Photo by Paris Tavitian
Featured Artist: Theodoros (Papadimitriou)
Born: 1931, Agrinio, Greece | Died: 2018, Athens
Studied at the Athens School of Fine Arts and in Paris at the École nationale supérieure des beaux-arts and Académie du Feu. He taught at California State University and later at the National Technical University of Athens. Theodoros participated in Europalia Brussels (1982), major Greek and international exhibitions, and staged numerous solo shows including his 1984 retrospective Journey’s Marks, Traces of Touch – Objects, 1953-1983 at the National Gallery, Athens. He bequeathed 110 works and his studio to EMΣΤ..
📍 Floor 2
Hadassah Emmerich: Epicurean Eden – Ongoing
Exhibition Cycle: WHAT IF WOMEN RULED THE WORLD? Part 2
Hadassah Emmerich is known for her exuberant paintings, collages, and murals that weave stylized representations of exotic fruit, body parts, and vegetal elements into bold, fluid compositions. Her work explores the body, identity, and the commodification of desire, blending sensuality with a kaleidoscopic, post-Internet aesthetic. Emmerich has developed a distinctive technique using vinyl cut-outs covered in ink and impressed onto canvas or walls, creating immersive patterns that reference advertising, Pop Art, and contemporary visual culture.

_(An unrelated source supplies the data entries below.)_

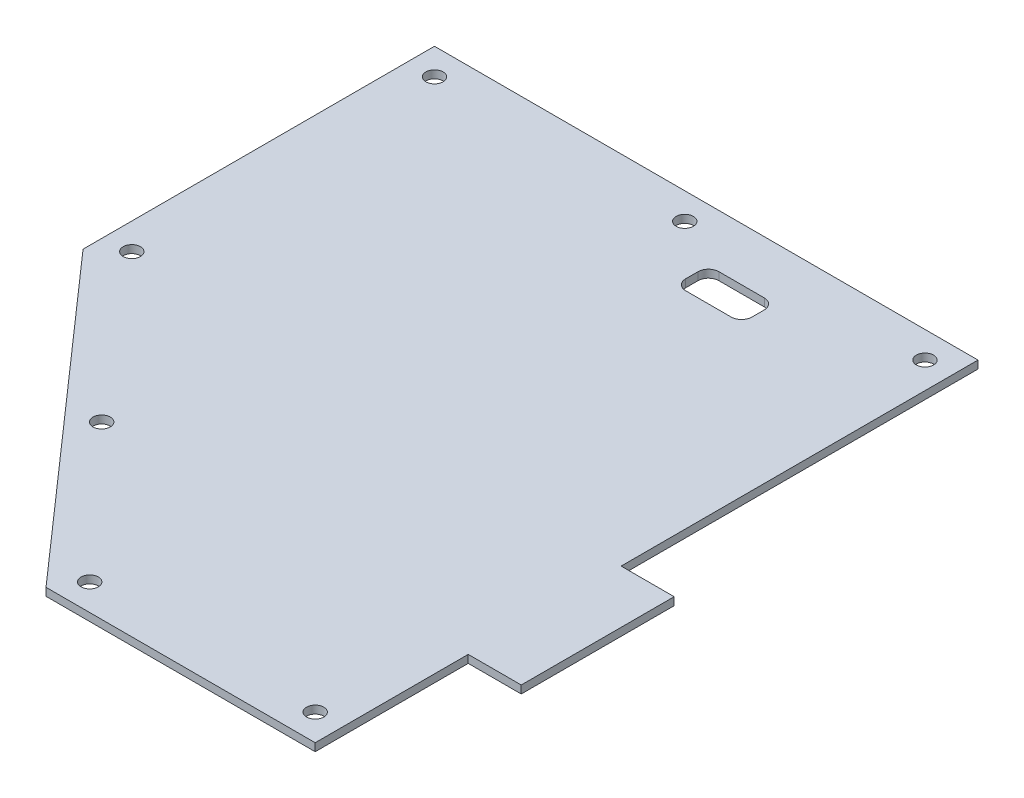
ISO-10303-21;
HEADER;
FILE_DESCRIPTION(('STEP AP214'),'2;1');
FILE_NAME('part.step','',(''),(''),'','','');
FILE_SCHEMA(('AUTOMOTIVE_DESIGN { 1 0 10303 214 1 1 1 1 }'));
ENDSEC;
DATA;
#1=APPLICATION_CONTEXT('core data for automotive mechanical design processes');
#2=APPLICATION_PROTOCOL_DEFINITION('international standard','automotive_design',2000,#1);
#3=PRODUCT_CONTEXT('',#1,'mechanical');
#4=PRODUCT('Part','Part','',(#3));
#5=PRODUCT_RELATED_PRODUCT_CATEGORY('part','',(#4));
#6=PRODUCT_DEFINITION_FORMATION('','',#4);
#7=PRODUCT_DEFINITION_CONTEXT('part definition',#1,'design');
#8=PRODUCT_DEFINITION('design','',#6,#7);
#9=PRODUCT_DEFINITION_SHAPE('','',#8);
#10=(LENGTH_UNIT() NAMED_UNIT(*) SI_UNIT(.MILLI.,.METRE.));
#11=(NAMED_UNIT(*) PLANE_ANGLE_UNIT() SI_UNIT($,.RADIAN.));
#12=(NAMED_UNIT(*) SI_UNIT($,.STERADIAN.) SOLID_ANGLE_UNIT());
#13=UNCERTAINTY_MEASURE_WITH_UNIT(LENGTH_MEASURE(1.E-05),#10,'distance_accuracy_value','');
#14=(GEOMETRIC_REPRESENTATION_CONTEXT(3) GLOBAL_UNCERTAINTY_ASSIGNED_CONTEXT((#13)) GLOBAL_UNIT_ASSIGNED_CONTEXT((#10,
#11,#12)) REPRESENTATION_CONTEXT('',''));
#15=CARTESIAN_POINT('',(0.,0.,0.));
#16=DIRECTION('',(0.,0.,1.));
#17=DIRECTION('',(1.,0.,0.));
#18=AXIS2_PLACEMENT_3D('',#15,#16,#17);
#19=CARTESIAN_POINT('',(0.,1.5,0.));
#20=DIRECTION('',(1.,0.,0.));
#21=DIRECTION('',(0.,0.,-1.));
#22=AXIS2_PLACEMENT_3D('',#19,#20,#21);
#23=PLANE('',#22);
#24=DIRECTION('',(0.,0.,1.));
#25=VECTOR('',#24,1.);
#26=CARTESIAN_POINT('',(0.,0.,0.));
#27=LINE('',#26,#25);
#28=CARTESIAN_POINT('',(0.,0.,0.));
#29=VERTEX_POINT('',#28);
#30=CARTESIAN_POINT('',(0.,0.,67.34));
#31=VERTEX_POINT('',#30);
#32=EDGE_CURVE('E178',#29,#31,#27,.T.);
#33=ORIENTED_EDGE('',*,*,#32,.T.);
#34=DIRECTION('',(0.,-1.,0.));
#35=VECTOR('',#34,1.);
#36=CARTESIAN_POINT('',(0.,1.5,67.34));
#37=LINE('',#36,#35);
#38=CARTESIAN_POINT('',(0.,1.5,67.34));
#39=VERTEX_POINT('',#38);
#40=EDGE_CURVE('E159',#39,#31,#37,.T.);
#41=ORIENTED_EDGE('',*,*,#40,.F.);
#42=DIRECTION('',(0.,0.,1.));
#43=VECTOR('',#42,1.);
#44=CARTESIAN_POINT('',(0.,1.5,0.));
#45=LINE('',#44,#43);
#46=CARTESIAN_POINT('',(0.,1.5,0.));
#47=VERTEX_POINT('',#46);
#48=EDGE_CURVE('E166',#47,#39,#45,.T.);
#49=ORIENTED_EDGE('',*,*,#48,.F.);
#50=DIRECTION('',(0.,-1.,0.));
#51=VECTOR('',#50,1.);
#52=CARTESIAN_POINT('',(0.,1.5,0.));
#53=LINE('',#52,#51);
#54=EDGE_CURVE('E296',#47,#29,#53,.T.);
#55=ORIENTED_EDGE('',*,*,#54,.T.);
#56=EDGE_LOOP('',(#33,#41,#49,#55));
#57=FACE_BOUND('',#56,.T.);
#58=ADVANCED_FACE('F36',(#57),#23,.F.);
#59=CARTESIAN_POINT('',(0.,1.5,67.34));
#60=DIRECTION('',(0.750341865315039,0.,-0.661049986881134));
#61=DIRECTION('',(-0.661049986881134,0.,-0.75034186531504));
#62=AXIS2_PLACEMENT_3D('',#59,#60,#61);
#63=PLANE('',#62);
#64=DIRECTION('',(0.661049986881134,0.,0.75034186531504));
#65=VECTOR('',#64,1.);
#66=CARTESIAN_POINT('',(0.,0.,67.34));
#67=LINE('',#66,#65);
#68=CARTESIAN_POINT('',(52.560084456919,0.,126.999681711199));
#69=VERTEX_POINT('',#68);
#70=EDGE_CURVE('E298',#31,#69,#67,.T.);
#71=ORIENTED_EDGE('',*,*,#70,.T.);
#72=DIRECTION('',(0.,-1.,0.));
#73=VECTOR('',#72,1.);
#74=CARTESIAN_POINT('',(52.560084456919,1.5,126.999681711199));
#75=LINE('',#74,#73);
#76=CARTESIAN_POINT('',(52.560084456919,1.5,126.999681711199));
#77=VERTEX_POINT('',#76);
#78=EDGE_CURVE('E162',#77,#69,#75,.T.);
#79=ORIENTED_EDGE('',*,*,#78,.F.);
#80=DIRECTION('',(0.661049986881134,0.,0.75034186531504));
#81=VECTOR('',#80,1.);
#82=CARTESIAN_POINT('',(0.,1.5,67.34));
#83=LINE('',#82,#81);
#84=EDGE_CURVE('E155',#39,#77,#83,.T.);
#85=ORIENTED_EDGE('',*,*,#84,.F.);
#86=ORIENTED_EDGE('',*,*,#40,.T.);
#87=EDGE_LOOP('',(#71,#79,#85,#86));
#88=FACE_BOUND('',#87,.T.);
#89=ADVANCED_FACE('F157',(#88),#63,.F.);
#90=CARTESIAN_POINT('',(104.140084456919,1.5,126.999681711199));
#91=DIRECTION('',(0.,0.,-1.));
#92=DIRECTION('',(-1.,0.,0.));
#93=AXIS2_PLACEMENT_3D('',#90,#91,#92);
#94=PLANE('',#93);
#95=DIRECTION('',(1.,0.,0.));
#96=VECTOR('',#95,1.);
#97=CARTESIAN_POINT('',(104.140084456919,0.,126.999681711199));
#98=LINE('',#97,#96);
#99=CARTESIAN_POINT('',(104.140084456919,0.,126.999681711199));
#100=VERTEX_POINT('',#99);
#101=EDGE_CURVE('E300',#69,#100,#98,.T.);
#102=ORIENTED_EDGE('',*,*,#101,.T.);
#103=DIRECTION('',(0.,-1.,0.));
#104=VECTOR('',#103,1.);
#105=CARTESIAN_POINT('',(104.140084456919,1.5,126.999681711199));
#106=LINE('',#105,#104);
#107=CARTESIAN_POINT('',(104.140084456919,1.5,126.999681711199));
#108=VERTEX_POINT('',#107);
#109=EDGE_CURVE('E183',#108,#100,#106,.T.);
#110=ORIENTED_EDGE('',*,*,#109,.F.);
#111=DIRECTION('',(1.,0.,0.));
#112=VECTOR('',#111,1.);
#113=CARTESIAN_POINT('',(104.140084456919,1.5,126.999681711199));
#114=LINE('',#113,#112);
#115=EDGE_CURVE('E165',#77,#108,#114,.T.);
#116=ORIENTED_EDGE('',*,*,#115,.F.);
#117=ORIENTED_EDGE('',*,*,#78,.T.);
#118=EDGE_LOOP('',(#102,#110,#116,#117));
#119=FACE_BOUND('',#118,.T.);
#120=ADVANCED_FACE('F352',(#119),#94,.F.);
#121=CARTESIAN_POINT('',(104.140084456919,1.5,97.6796817111988));
#122=DIRECTION('',(-1.,0.,0.));
#123=DIRECTION('',(0.,0.,1.));
#124=AXIS2_PLACEMENT_3D('',#121,#122,#123);
#125=PLANE('',#124);
#126=DIRECTION('',(0.,0.,-1.));
#127=VECTOR('',#126,1.);
#128=CARTESIAN_POINT('',(104.140084456919,0.,97.6796817111988));
#129=LINE('',#128,#127);
#130=CARTESIAN_POINT('',(104.140084456919,0.,97.6796817111988));
#131=VERTEX_POINT('',#130);
#132=EDGE_CURVE('E302',#100,#131,#129,.T.);
#133=ORIENTED_EDGE('',*,*,#132,.T.);
#134=DIRECTION('',(0.,-1.,0.));
#135=VECTOR('',#134,1.);
#136=CARTESIAN_POINT('',(104.140084456919,1.5,97.6796817111988));
#137=LINE('',#136,#135);
#138=CARTESIAN_POINT('',(104.140084456919,1.5,97.6796817111988));
#139=VERTEX_POINT('',#138);
#140=EDGE_CURVE('E326',#139,#131,#137,.T.);
#141=ORIENTED_EDGE('',*,*,#140,.F.);
#142=DIRECTION('',(0.,0.,-1.));
#143=VECTOR('',#142,1.);
#144=CARTESIAN_POINT('',(104.140084456919,1.5,97.6796817111988));
#145=LINE('',#144,#143);
#146=EDGE_CURVE('E285',#108,#139,#145,.T.);
#147=ORIENTED_EDGE('',*,*,#146,.F.);
#148=ORIENTED_EDGE('',*,*,#109,.T.);
#149=EDGE_LOOP('',(#133,#141,#147,#148));
#150=FACE_BOUND('',#149,.T.);
#151=ADVANCED_FACE('F333',(#150),#125,.F.);
#152=CARTESIAN_POINT('',(104.140084456919,1.5,97.6796817111988));
#153=DIRECTION('',(0.,0.,-1.));
#154=DIRECTION('',(-1.,0.,0.));
#155=AXIS2_PLACEMENT_3D('',#152,#153,#154);
#156=PLANE('',#155);
#157=DIRECTION('',(1.,0.,0.));
#158=VECTOR('',#157,1.);
#159=CARTESIAN_POINT('',(104.140084456919,0.,97.6796817111988));
#160=LINE('',#159,#158);
#161=CARTESIAN_POINT('',(114.300084456919,0.,97.6796817111988));
#162=VERTEX_POINT('',#161);
#163=EDGE_CURVE('E304',#131,#162,#160,.T.);
#164=ORIENTED_EDGE('',*,*,#163,.T.);
#165=DIRECTION('',(0.,-1.,0.));
#166=VECTOR('',#165,1.);
#167=CARTESIAN_POINT('',(114.300084456919,1.5,97.6796817111988));
#168=LINE('',#167,#166);
#169=CARTESIAN_POINT('',(114.300084456919,1.5,97.6796817111988));
#170=VERTEX_POINT('',#169);
#171=EDGE_CURVE('E323',#170,#162,#168,.T.);
#172=ORIENTED_EDGE('',*,*,#171,.F.);
#173=DIRECTION('',(1.,0.,0.));
#174=VECTOR('',#173,1.);
#175=CARTESIAN_POINT('',(104.140084456919,1.5,97.6796817111988));
#176=LINE('',#175,#174);
#177=EDGE_CURVE('E287',#139,#170,#176,.T.);
#178=ORIENTED_EDGE('',*,*,#177,.F.);
#179=ORIENTED_EDGE('',*,*,#140,.T.);
#180=EDGE_LOOP('',(#164,#172,#178,#179));
#181=FACE_BOUND('',#180,.T.);
#182=ADVANCED_FACE('F344',(#181),#156,.F.);
#183=CARTESIAN_POINT('',(114.300084456919,1.5,97.6796817111988));
#184=DIRECTION('',(-1.,0.,0.));
#185=DIRECTION('',(0.,0.,1.));
#186=AXIS2_PLACEMENT_3D('',#183,#184,#185);
#187=PLANE('',#186);
#188=DIRECTION('',(0.,0.,-1.));
#189=VECTOR('',#188,1.);
#190=CARTESIAN_POINT('',(114.300084456919,0.,97.6796817111988));
#191=LINE('',#190,#189);
#192=CARTESIAN_POINT('',(114.300084456919,0.,68.3796817111988));
#193=VERTEX_POINT('',#192);
#194=EDGE_CURVE('E306',#162,#193,#191,.T.);
#195=ORIENTED_EDGE('',*,*,#194,.T.);
#196=DIRECTION('',(0.,-1.,0.));
#197=VECTOR('',#196,1.);
#198=CARTESIAN_POINT('',(114.300084456919,1.5,68.3796817111988));
#199=LINE('',#198,#197);
#200=CARTESIAN_POINT('',(114.300084456919,1.5,68.3796817111988));
#201=VERTEX_POINT('',#200);
#202=EDGE_CURVE('E320',#201,#193,#199,.T.);
#203=ORIENTED_EDGE('',*,*,#202,.F.);
#204=DIRECTION('',(0.,0.,-1.));
#205=VECTOR('',#204,1.);
#206=CARTESIAN_POINT('',(114.300084456919,1.5,97.6796817111988));
#207=LINE('',#206,#205);
#208=EDGE_CURVE('E289',#170,#201,#207,.T.);
#209=ORIENTED_EDGE('',*,*,#208,.F.);
#210=ORIENTED_EDGE('',*,*,#171,.T.);
#211=EDGE_LOOP('',(#195,#203,#209,#210));
#212=FACE_BOUND('',#211,.T.);
#213=ADVANCED_FACE('F348',(#212),#187,.F.);
#214=CARTESIAN_POINT('',(104.140084456919,1.5,68.3796817111988));
#215=DIRECTION('',(0.,0.,1.));
#216=DIRECTION('',(1.,0.,0.));
#217=AXIS2_PLACEMENT_3D('',#214,#215,#216);
#218=PLANE('',#217);
#219=DIRECTION('',(-1.,0.,0.));
#220=VECTOR('',#219,1.);
#221=CARTESIAN_POINT('',(104.140084456919,0.,68.3796817111988));
#222=LINE('',#221,#220);
#223=CARTESIAN_POINT('',(104.140084456919,0.,68.3796817111988));
#224=VERTEX_POINT('',#223);
#225=EDGE_CURVE('E308',#193,#224,#222,.T.);
#226=ORIENTED_EDGE('',*,*,#225,.T.);
#227=DIRECTION('',(0.,-1.,0.));
#228=VECTOR('',#227,1.);
#229=CARTESIAN_POINT('',(104.140084456919,1.5,68.3796817111988));
#230=LINE('',#229,#228);
#231=CARTESIAN_POINT('',(104.140084456919,1.5,68.3796817111988));
#232=VERTEX_POINT('',#231);
#233=EDGE_CURVE('E317',#232,#224,#230,.T.);
#234=ORIENTED_EDGE('',*,*,#233,.F.);
#235=DIRECTION('',(-1.,0.,0.));
#236=VECTOR('',#235,1.);
#237=CARTESIAN_POINT('',(104.140084456919,1.5,68.3796817111988));
#238=LINE('',#237,#236);
#239=EDGE_CURVE('E291',#201,#232,#238,.T.);
#240=ORIENTED_EDGE('',*,*,#239,.F.);
#241=ORIENTED_EDGE('',*,*,#202,.T.);
#242=EDGE_LOOP('',(#226,#234,#240,#241));
#243=FACE_BOUND('',#242,.T.);
#244=ADVANCED_FACE('F448',(#243),#218,.F.);
#245=CARTESIAN_POINT('',(104.14,1.5,0.));
#246=DIRECTION('',(-0.999999999999237,0.,1.2351171705755E-06));
#247=DIRECTION('',(1.2351171705755E-06,0.,0.999999999999237));
#248=AXIS2_PLACEMENT_3D('',#245,#246,#247);
#249=PLANE('',#248);
#250=DIRECTION('',(-1.2351171705755E-06,0.,-0.999999999999237));
#251=VECTOR('',#250,1.);
#252=CARTESIAN_POINT('',(104.14,0.,0.));
#253=LINE('',#252,#251);
#254=CARTESIAN_POINT('',(104.14,0.,0.));
#255=VERTEX_POINT('',#254);
#256=EDGE_CURVE('E310',#224,#255,#253,.T.);
#257=ORIENTED_EDGE('',*,*,#256,.T.);
#258=DIRECTION('',(0.,-1.,0.));
#259=VECTOR('',#258,1.);
#260=CARTESIAN_POINT('',(104.14,1.5,0.));
#261=LINE('',#260,#259);
#262=CARTESIAN_POINT('',(104.14,1.5,0.));
#263=VERTEX_POINT('',#262);
#264=EDGE_CURVE('E314',#263,#255,#261,.T.);
#265=ORIENTED_EDGE('',*,*,#264,.F.);
#266=DIRECTION('',(-1.2351171705755E-06,0.,-0.999999999999237));
#267=VECTOR('',#266,1.);
#268=CARTESIAN_POINT('',(104.14,1.5,0.));
#269=LINE('',#268,#267);
#270=EDGE_CURVE('E293',#232,#263,#269,.T.);
#271=ORIENTED_EDGE('',*,*,#270,.F.);
#272=ORIENTED_EDGE('',*,*,#233,.T.);
#273=EDGE_LOOP('',(#257,#265,#271,#272));
#274=FACE_BOUND('',#273,.T.);
#275=ADVANCED_FACE('F444',(#274),#249,.F.);
#276=CARTESIAN_POINT('',(0.,1.5,0.));
#277=DIRECTION('',(0.,0.,1.));
#278=DIRECTION('',(1.,0.,0.));
#279=AXIS2_PLACEMENT_3D('',#276,#277,#278);
#280=PLANE('',#279);
#281=DIRECTION('',(-1.,0.,0.));
#282=VECTOR('',#281,1.);
#283=CARTESIAN_POINT('',(0.,0.,0.));
#284=LINE('',#283,#282);
#285=EDGE_CURVE('E175',#255,#29,#284,.T.);
#286=ORIENTED_EDGE('',*,*,#285,.T.);
#287=ORIENTED_EDGE('',*,*,#54,.F.);
#288=DIRECTION('',(-1.,0.,0.));
#289=VECTOR('',#288,1.);
#290=CARTESIAN_POINT('',(0.,1.5,0.));
#291=LINE('',#290,#289);
#292=EDGE_CURVE('E171',#263,#47,#291,.T.);
#293=ORIENTED_EDGE('',*,*,#292,.F.);
#294=ORIENTED_EDGE('',*,*,#264,.T.);
#295=EDGE_LOOP('',(#286,#287,#293,#294));
#296=FACE_BOUND('',#295,.T.);
#297=ADVANCED_FACE('F439',(#296),#280,.F.);
#298=CARTESIAN_POINT('',(0.,1.5,0.));
#299=DIRECTION('',(0.,-1.,0.));
#300=DIRECTION('',(0.,0.,-1.));
#301=AXIS2_PLACEMENT_3D('',#298,#299,#300);
#302=PLANE('',#301);
#303=DIRECTION('',(0.,0.,1.));
#304=VECTOR('',#303,1.);
#305=CARTESIAN_POINT('',(62.65,1.5,10.16));
#306=LINE('',#305,#304);
#307=CARTESIAN_POINT('',(62.65,1.5,12.16));
#308=VERTEX_POINT('',#307);
#309=CARTESIAN_POINT('',(62.65,1.5,14.51));
#310=VERTEX_POINT('',#309);
#311=EDGE_CURVE('E219',#308,#310,#306,.T.);
#312=ORIENTED_EDGE('',*,*,#311,.F.);
#313=CARTESIAN_POINT('',(64.65,1.5,12.16));
#314=DIRECTION('',(0.,-1.,0.));
#315=DIRECTION('',(0.,0.,-1.));
#316=AXIS2_PLACEMENT_3D('',#313,#314,#315);
#317=CIRCLE('',#316,2.);
#318=CARTESIAN_POINT('',(64.65,1.5,10.16));
#319=VERTEX_POINT('',#318);
#320=EDGE_CURVE('E203',#308,#319,#317,.T.);
#321=ORIENTED_EDGE('',*,*,#320,.T.);
#322=DIRECTION('',(-1.,0.,0.));
#323=VECTOR('',#322,1.);
#324=CARTESIAN_POINT('',(62.65,1.5,10.16));
#325=LINE('',#324,#323);
#326=CARTESIAN_POINT('',(73.35,1.5,10.16));
#327=VERTEX_POINT('',#326);
#328=EDGE_CURVE('E228',#327,#319,#325,.T.);
#329=ORIENTED_EDGE('',*,*,#328,.F.);
#330=CARTESIAN_POINT('',(73.35,1.5,12.16));
#331=DIRECTION('',(0.,-1.,0.));
#332=DIRECTION('',(0.,0.,-1.));
#333=AXIS2_PLACEMENT_3D('',#330,#331,#332);
#334=CIRCLE('',#333,2.);
#335=CARTESIAN_POINT('',(75.35,1.5,12.16));
#336=VERTEX_POINT('',#335);
#337=EDGE_CURVE('E207',#327,#336,#334,.T.);
#338=ORIENTED_EDGE('',*,*,#337,.T.);
#339=DIRECTION('',(0.,0.,-1.));
#340=VECTOR('',#339,1.);
#341=CARTESIAN_POINT('',(75.35,1.5,10.16));
#342=LINE('',#341,#340);
#343=CARTESIAN_POINT('',(75.35,1.5,14.51));
#344=VERTEX_POINT('',#343);
#345=EDGE_CURVE('E388',#344,#336,#342,.T.);
#346=ORIENTED_EDGE('',*,*,#345,.F.);
#347=CARTESIAN_POINT('',(73.35,1.5,14.51));
#348=DIRECTION('',(0.,-1.,0.));
#349=DIRECTION('',(0.,0.,-1.));
#350=AXIS2_PLACEMENT_3D('',#347,#348,#349);
#351=CIRCLE('',#350,2.);
#352=CARTESIAN_POINT('',(73.35,1.5,16.51));
#353=VERTEX_POINT('',#352);
#354=EDGE_CURVE('E211',#344,#353,#351,.T.);
#355=ORIENTED_EDGE('',*,*,#354,.T.);
#356=DIRECTION('',(1.,0.,0.));
#357=VECTOR('',#356,1.);
#358=CARTESIAN_POINT('',(62.65,1.5,16.51));
#359=LINE('',#358,#357);
#360=CARTESIAN_POINT('',(64.65,1.5,16.51));
#361=VERTEX_POINT('',#360);
#362=EDGE_CURVE('E220',#361,#353,#359,.T.);
#363=ORIENTED_EDGE('',*,*,#362,.F.);
#364=CARTESIAN_POINT('',(64.65,1.5,14.51));
#365=DIRECTION('',(0.,-1.,0.));
#366=DIRECTION('',(0.,0.,-1.));
#367=AXIS2_PLACEMENT_3D('',#364,#365,#366);
#368=CIRCLE('',#367,2.);
#369=EDGE_CURVE('E44',#361,#310,#368,.T.);
#370=ORIENTED_EDGE('',*,*,#369,.T.);
#371=EDGE_LOOP('',(#312,#321,#329,#338,#346,#355,#363,#370));
#372=FACE_BOUND('',#371,.T.);
#373=CARTESIAN_POINT('',(5.08,1.5,5.08));
#374=DIRECTION('',(0.,1.,0.));
#375=DIRECTION('',(0.,0.,1.));
#376=AXIS2_PLACEMENT_3D('',#373,#374,#375);
#377=CIRCLE('',#376,1.64999999999999);
#378=CARTESIAN_POINT('',(5.08,1.5,6.72999999999999));
#379=VERTEX_POINT('',#378);
#380=EDGE_CURVE('E237',#379,#379,#377,.T.);
#381=ORIENTED_EDGE('',*,*,#380,.F.);
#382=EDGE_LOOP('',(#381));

For her first presentation in Greece, Emmerich has created a new installation transforming the museum’s ground floor frieze and Education Department space, producing an immersive and colorful environment that is both visually striking and child-friendly.


Artistic production | Coordination: Yannis Arvanitis
Featured Artist: Hadassah Emmerich
Studied at the Academy of Fine Arts, Maastricht, HISK Flanders, and Goldsmiths College, London. Recent exhibitions include Skin of the Shapeshifter (SUPRAINFINIT, Bucharest, 2023), Botanical Body Bliss (Galerie Ron Mandos, Amsterdam, 2023), False Flat (Bonnefanten Museum, Maastricht, 2022), and Abrasive Paradise (Kunsthal KAdE, Amersfoort, 2022). Her work is included in public collections such as the Rijksmuseum, Amsterdam, Bonnefanten Museum, Maastricht, MuZee, Oostende, and the Flemish Parliament, among others.
📍 Foyer and Education Space – Mezzanine
Visitor Tips for EMST in Athens
- Location: EMST is at Fix, next to the Syngrou-Fix metro station, making it easily accessible for expats and visitors.
- Tickets & Opening Hours: Check the official EMST website for updated opening hours, ticket prices, and guided tours.
- Plan Your Visit: Organise your itinerary to see exhibitions in order of closing dates, ensuring you don’t miss the shows ending soonest.